There are so many areas of real-estate to invest.
1. Note buying
2. Tax sales
3. Rental property
Note buying has been around ever since people realized they could create an IOU for property. When you borrow money from the bank to buy a house they make you sign a piece of paper called a promissory note (IOU). This paper says you owe a certain amount of money to the bank, due in a certain period of time. Sometimes the bank decides they do not want to wait thirty years to get their money back (with interest). The bank can then decide to sell that note to someone else.
Tax sales is another great way to invest in real-estate. Everyone pays taxes on property they own in the United States. When these taxes are not paid the county in which the property resides will put the property up for public auction, this enables the county to get the back tax owed on the property. Your probably thinking who let’s their property be auctioned off. On some occasions people who die may own property free and clear.

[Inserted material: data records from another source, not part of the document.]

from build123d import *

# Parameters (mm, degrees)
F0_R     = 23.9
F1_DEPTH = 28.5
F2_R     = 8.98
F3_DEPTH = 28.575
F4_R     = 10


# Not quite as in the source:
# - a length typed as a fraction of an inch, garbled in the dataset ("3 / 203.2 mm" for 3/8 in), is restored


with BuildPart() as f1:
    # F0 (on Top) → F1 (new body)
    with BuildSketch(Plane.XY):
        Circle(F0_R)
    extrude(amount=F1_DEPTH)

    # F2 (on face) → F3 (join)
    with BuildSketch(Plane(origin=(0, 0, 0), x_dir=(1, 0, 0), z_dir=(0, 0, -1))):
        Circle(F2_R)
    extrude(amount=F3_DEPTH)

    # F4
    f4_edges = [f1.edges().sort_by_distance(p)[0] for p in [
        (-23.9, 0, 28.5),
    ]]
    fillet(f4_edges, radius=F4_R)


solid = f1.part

They may also have no heirs to transfer title of the property over. The property may sit for a couple years without anyone paying the taxes on it, then the county decides to auction off the property at some point in time. At auction these properties can sell for less than one hundred dollars up to several thousand. After the property is brought at auction the original owner or heirs of the deceased owner has a small period of time (approximately 1 year) to take possession back. But, not before they give you a percentage of interest.
The owner will have to give you whatever you paid for the property and a percentage as interest (which varies from state to state). If the owner does not pay then the property is yours to keep for whatever price you brought it for at auction. During the redemption period you can rent the property and make money until you can retain full possession legally.
Having rental property is the most common form of investing in real-estate. Be sure you buy low and cash-flow at least $200 a month. Buying rental property at market value is not a smart move. Find distressed property and purchase it well below fair market value. A good deal is property with a lot of equity behind it and good monthly cash flow. If you can’t find motivated sellers yourself consider buying from a wholesaler.